▸ THE TASK: Every line with "Notes" in it must be copied from the data.

Dataset items
* * * *

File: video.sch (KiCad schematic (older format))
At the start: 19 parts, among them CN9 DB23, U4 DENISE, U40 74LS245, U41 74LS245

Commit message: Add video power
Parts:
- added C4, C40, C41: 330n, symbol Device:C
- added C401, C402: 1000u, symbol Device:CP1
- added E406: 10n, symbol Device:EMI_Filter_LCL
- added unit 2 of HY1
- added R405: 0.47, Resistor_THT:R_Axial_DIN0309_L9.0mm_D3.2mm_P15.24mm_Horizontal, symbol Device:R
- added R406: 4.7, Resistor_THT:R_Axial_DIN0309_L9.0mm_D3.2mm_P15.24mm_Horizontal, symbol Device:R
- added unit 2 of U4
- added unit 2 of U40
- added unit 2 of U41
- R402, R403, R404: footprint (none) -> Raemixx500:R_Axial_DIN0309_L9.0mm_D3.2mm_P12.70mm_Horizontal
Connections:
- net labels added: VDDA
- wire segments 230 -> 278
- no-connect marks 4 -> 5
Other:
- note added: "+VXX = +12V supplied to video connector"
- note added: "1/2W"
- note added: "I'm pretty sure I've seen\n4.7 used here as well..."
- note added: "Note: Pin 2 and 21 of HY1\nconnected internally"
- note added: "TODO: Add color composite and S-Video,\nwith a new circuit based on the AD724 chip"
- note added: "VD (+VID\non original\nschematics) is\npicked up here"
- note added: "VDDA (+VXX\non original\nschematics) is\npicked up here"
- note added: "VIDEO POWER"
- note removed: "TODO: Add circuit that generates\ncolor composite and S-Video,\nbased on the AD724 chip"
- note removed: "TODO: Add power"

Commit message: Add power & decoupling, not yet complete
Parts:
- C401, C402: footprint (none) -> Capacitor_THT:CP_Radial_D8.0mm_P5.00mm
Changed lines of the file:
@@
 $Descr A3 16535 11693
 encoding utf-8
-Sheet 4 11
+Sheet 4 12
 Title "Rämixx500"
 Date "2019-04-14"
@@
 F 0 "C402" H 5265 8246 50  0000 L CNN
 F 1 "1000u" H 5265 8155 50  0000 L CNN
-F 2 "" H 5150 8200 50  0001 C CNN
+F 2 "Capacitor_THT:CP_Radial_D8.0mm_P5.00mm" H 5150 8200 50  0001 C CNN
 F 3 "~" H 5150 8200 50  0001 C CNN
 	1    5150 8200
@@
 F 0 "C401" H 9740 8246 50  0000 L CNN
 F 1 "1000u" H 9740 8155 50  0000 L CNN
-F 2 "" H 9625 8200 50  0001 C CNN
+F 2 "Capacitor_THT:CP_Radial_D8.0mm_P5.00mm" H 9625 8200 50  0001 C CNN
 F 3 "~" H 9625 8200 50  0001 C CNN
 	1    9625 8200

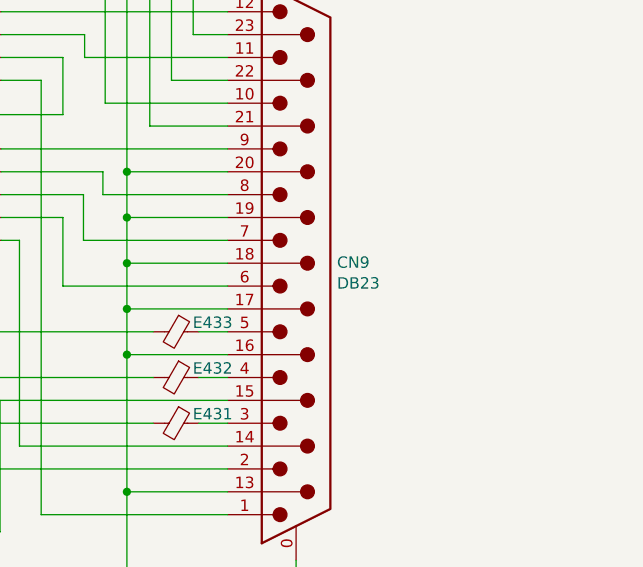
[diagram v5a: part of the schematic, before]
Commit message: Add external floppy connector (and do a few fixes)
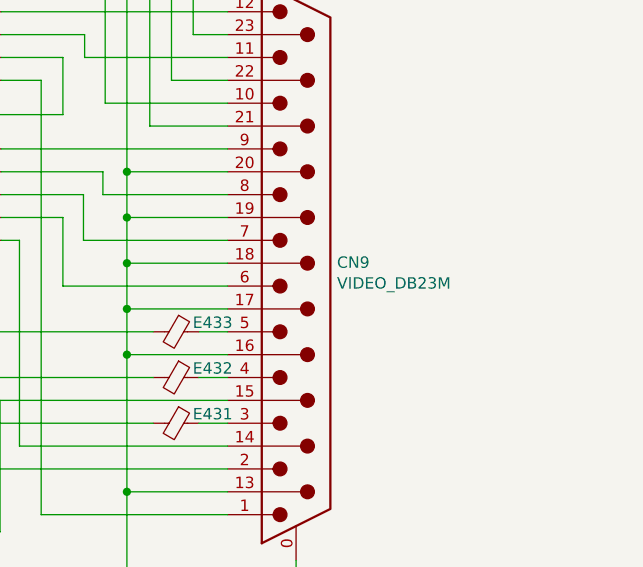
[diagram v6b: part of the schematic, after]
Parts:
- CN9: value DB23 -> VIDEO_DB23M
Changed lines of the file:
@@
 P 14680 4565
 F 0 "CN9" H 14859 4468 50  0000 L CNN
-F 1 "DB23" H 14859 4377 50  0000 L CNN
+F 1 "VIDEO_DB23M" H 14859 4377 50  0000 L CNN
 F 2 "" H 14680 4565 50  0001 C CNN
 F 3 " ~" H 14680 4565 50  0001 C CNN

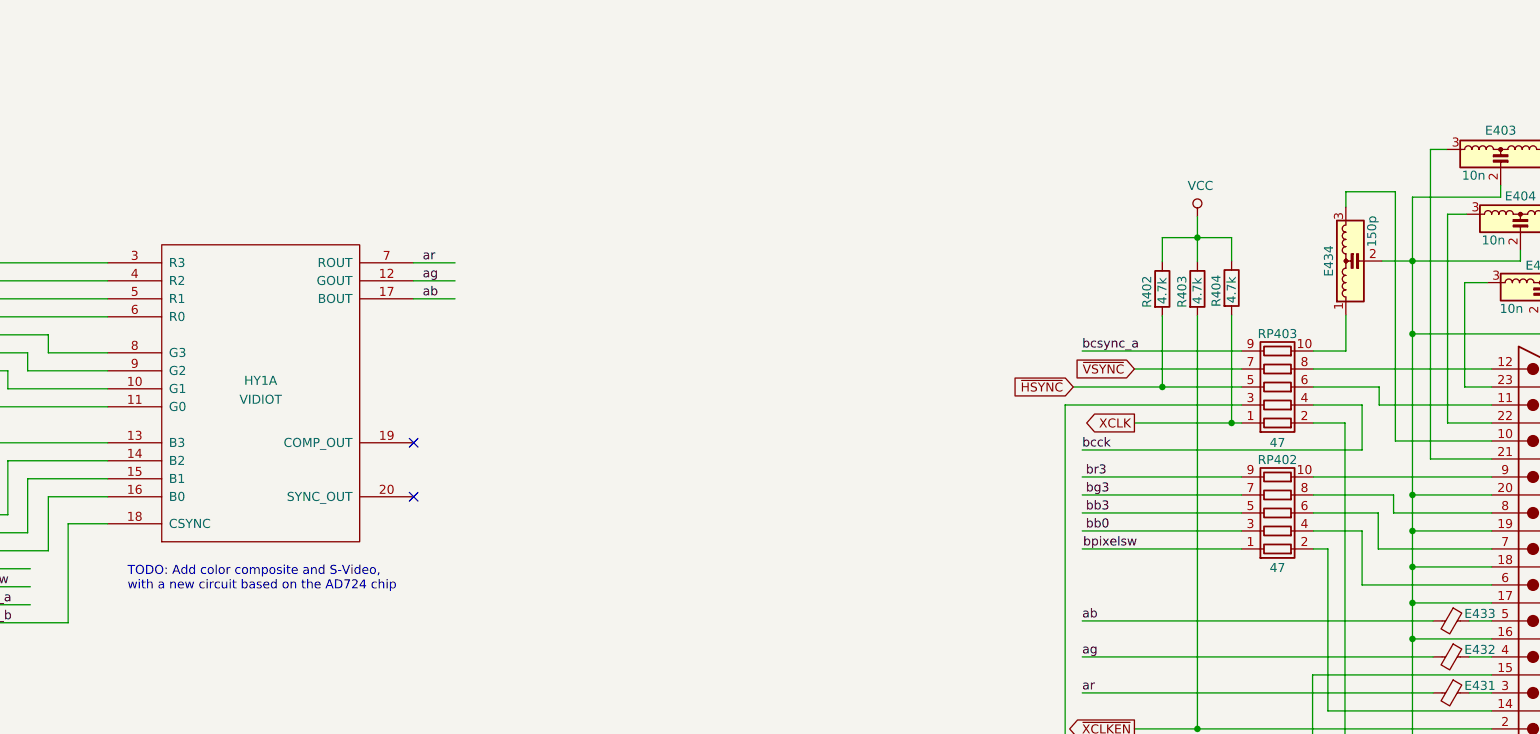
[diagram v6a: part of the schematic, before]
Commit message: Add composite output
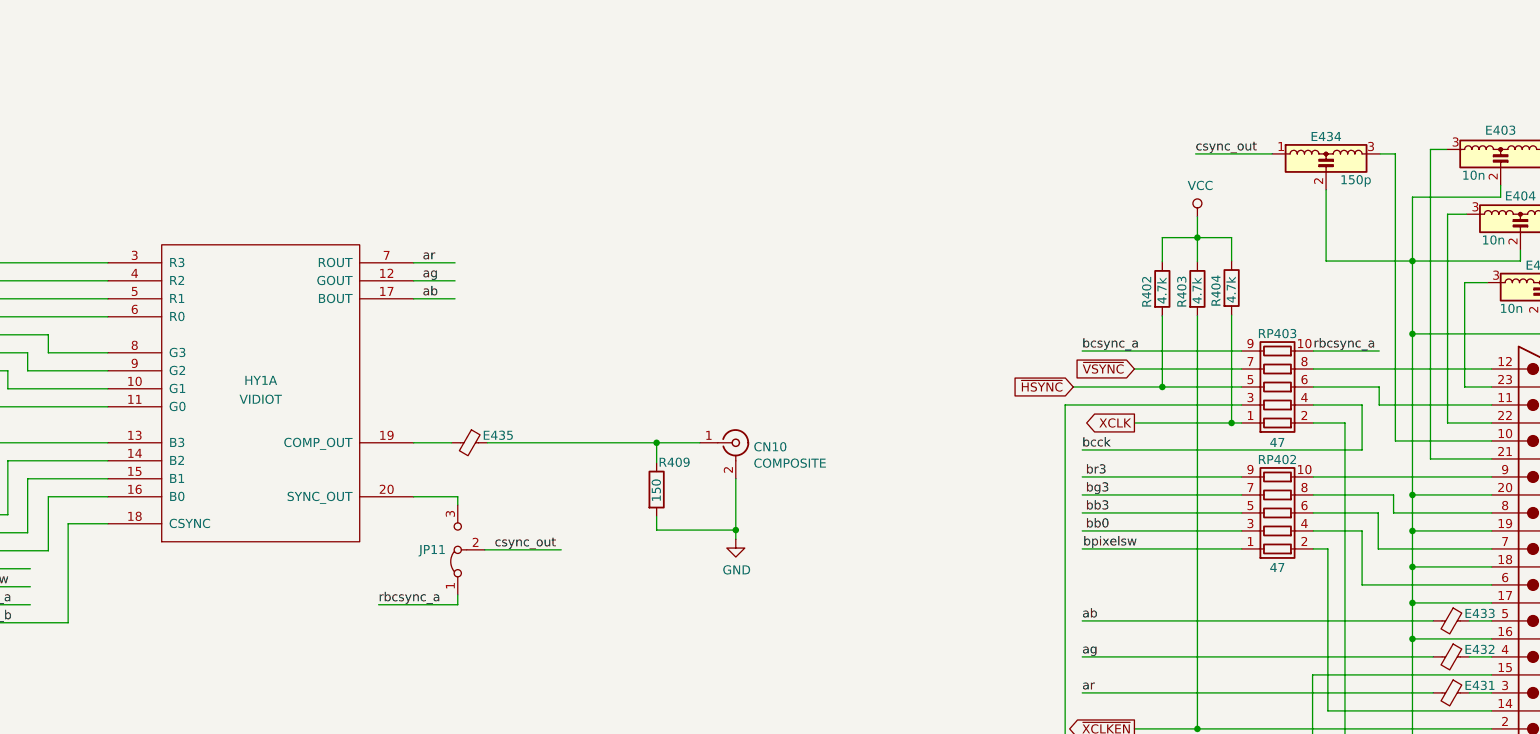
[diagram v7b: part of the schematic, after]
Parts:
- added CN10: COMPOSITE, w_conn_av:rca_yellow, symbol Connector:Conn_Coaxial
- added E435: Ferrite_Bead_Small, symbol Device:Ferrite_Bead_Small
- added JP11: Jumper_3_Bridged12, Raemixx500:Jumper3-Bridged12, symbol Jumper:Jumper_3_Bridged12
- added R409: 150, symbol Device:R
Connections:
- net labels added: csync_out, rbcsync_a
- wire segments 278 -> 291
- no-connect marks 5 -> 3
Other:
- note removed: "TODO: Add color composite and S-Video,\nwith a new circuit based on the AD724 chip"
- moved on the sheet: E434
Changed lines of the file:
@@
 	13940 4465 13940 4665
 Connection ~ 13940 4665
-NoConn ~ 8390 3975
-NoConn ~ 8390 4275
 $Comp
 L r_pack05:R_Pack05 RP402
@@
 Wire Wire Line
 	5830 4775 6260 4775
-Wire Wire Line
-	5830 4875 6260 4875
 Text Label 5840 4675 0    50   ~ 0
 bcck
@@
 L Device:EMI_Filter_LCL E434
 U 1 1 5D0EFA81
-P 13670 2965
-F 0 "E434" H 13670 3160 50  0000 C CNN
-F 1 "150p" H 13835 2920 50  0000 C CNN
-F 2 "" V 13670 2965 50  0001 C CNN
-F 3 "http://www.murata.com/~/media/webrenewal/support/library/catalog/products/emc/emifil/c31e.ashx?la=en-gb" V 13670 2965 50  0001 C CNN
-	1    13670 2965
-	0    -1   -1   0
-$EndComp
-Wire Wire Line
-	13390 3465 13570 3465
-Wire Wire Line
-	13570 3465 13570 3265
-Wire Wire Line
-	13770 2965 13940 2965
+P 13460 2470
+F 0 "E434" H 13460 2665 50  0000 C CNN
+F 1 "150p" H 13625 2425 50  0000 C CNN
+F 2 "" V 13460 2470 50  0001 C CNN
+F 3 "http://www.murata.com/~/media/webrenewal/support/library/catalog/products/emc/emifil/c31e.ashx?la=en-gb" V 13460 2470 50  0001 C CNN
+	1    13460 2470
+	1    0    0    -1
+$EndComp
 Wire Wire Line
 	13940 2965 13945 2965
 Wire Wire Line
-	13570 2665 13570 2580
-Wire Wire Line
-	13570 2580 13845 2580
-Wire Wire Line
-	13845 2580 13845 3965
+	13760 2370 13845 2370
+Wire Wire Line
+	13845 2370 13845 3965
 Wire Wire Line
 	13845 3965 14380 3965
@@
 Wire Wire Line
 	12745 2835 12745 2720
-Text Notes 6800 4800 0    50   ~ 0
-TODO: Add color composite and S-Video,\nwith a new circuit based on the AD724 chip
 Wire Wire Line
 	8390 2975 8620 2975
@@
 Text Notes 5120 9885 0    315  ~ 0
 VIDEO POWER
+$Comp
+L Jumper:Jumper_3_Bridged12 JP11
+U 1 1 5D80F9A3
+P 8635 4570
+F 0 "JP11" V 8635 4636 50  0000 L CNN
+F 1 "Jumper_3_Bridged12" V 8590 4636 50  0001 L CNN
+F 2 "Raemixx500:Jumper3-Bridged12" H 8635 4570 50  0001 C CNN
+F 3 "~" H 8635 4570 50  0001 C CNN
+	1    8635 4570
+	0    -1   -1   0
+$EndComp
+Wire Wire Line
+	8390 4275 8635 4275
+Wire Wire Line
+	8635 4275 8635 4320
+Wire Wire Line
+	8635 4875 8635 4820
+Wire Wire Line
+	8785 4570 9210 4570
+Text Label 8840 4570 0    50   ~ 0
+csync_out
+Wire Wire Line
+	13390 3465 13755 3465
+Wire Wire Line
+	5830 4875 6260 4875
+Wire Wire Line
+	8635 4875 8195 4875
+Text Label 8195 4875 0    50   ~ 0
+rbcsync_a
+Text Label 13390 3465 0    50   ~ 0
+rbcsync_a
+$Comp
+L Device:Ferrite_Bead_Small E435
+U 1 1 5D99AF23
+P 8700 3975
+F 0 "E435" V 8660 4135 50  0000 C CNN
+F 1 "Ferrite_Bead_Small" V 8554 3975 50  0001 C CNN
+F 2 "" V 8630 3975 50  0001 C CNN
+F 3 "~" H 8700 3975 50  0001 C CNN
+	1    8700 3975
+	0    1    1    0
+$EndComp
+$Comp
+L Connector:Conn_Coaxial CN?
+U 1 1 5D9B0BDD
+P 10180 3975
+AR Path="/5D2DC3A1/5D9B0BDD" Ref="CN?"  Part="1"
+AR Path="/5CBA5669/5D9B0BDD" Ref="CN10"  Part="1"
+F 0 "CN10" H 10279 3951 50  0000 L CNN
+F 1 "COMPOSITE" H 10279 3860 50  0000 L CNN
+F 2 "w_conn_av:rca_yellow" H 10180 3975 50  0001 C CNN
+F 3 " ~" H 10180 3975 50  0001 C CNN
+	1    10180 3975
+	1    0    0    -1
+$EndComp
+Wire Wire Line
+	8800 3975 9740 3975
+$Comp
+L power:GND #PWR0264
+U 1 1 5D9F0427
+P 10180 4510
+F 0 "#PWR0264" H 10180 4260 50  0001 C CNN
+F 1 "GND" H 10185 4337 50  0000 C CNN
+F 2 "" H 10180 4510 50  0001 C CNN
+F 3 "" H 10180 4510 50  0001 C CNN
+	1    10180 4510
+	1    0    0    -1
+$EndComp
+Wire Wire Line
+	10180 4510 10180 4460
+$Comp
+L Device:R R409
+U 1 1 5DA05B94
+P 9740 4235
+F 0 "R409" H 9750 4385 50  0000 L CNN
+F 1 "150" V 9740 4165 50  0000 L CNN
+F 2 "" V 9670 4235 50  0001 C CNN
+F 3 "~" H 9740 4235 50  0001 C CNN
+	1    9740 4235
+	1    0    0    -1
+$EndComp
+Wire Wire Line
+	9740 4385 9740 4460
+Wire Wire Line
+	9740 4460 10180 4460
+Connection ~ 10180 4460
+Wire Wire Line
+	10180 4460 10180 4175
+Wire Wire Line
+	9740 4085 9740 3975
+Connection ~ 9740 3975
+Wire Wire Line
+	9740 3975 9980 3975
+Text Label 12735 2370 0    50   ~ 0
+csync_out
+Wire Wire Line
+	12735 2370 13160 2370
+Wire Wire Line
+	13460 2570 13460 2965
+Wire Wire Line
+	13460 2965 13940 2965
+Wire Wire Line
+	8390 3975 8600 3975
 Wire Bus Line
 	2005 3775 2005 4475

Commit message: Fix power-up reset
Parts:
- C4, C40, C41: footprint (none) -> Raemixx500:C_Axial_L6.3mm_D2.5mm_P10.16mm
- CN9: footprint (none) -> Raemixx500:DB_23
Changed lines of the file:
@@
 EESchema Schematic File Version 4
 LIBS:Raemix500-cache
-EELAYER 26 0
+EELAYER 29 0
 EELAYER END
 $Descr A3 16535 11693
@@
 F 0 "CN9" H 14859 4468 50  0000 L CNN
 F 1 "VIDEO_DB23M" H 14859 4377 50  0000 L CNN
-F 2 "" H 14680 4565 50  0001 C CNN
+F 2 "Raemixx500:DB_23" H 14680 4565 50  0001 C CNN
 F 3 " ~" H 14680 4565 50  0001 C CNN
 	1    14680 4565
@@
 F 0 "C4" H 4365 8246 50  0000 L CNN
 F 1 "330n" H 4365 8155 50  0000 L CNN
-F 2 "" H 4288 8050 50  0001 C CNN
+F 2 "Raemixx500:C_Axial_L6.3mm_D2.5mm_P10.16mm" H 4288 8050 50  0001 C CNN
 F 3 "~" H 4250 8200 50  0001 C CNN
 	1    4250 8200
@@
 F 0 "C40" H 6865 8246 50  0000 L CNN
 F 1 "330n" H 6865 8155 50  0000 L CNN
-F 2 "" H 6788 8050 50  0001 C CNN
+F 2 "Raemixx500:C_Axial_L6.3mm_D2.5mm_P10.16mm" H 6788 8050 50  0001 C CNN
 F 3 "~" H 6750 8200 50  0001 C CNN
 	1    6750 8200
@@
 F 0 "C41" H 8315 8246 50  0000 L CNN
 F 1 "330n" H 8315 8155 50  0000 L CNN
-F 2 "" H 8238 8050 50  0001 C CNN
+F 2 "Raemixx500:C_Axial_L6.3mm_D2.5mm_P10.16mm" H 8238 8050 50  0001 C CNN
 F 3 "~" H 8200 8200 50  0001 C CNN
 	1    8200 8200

* * * *

▸ RESPONSE BELOW:
-Text Notes 6800 4800 0    50   ~ 0
 Text Notes 5120 9885 0    315  ~ 0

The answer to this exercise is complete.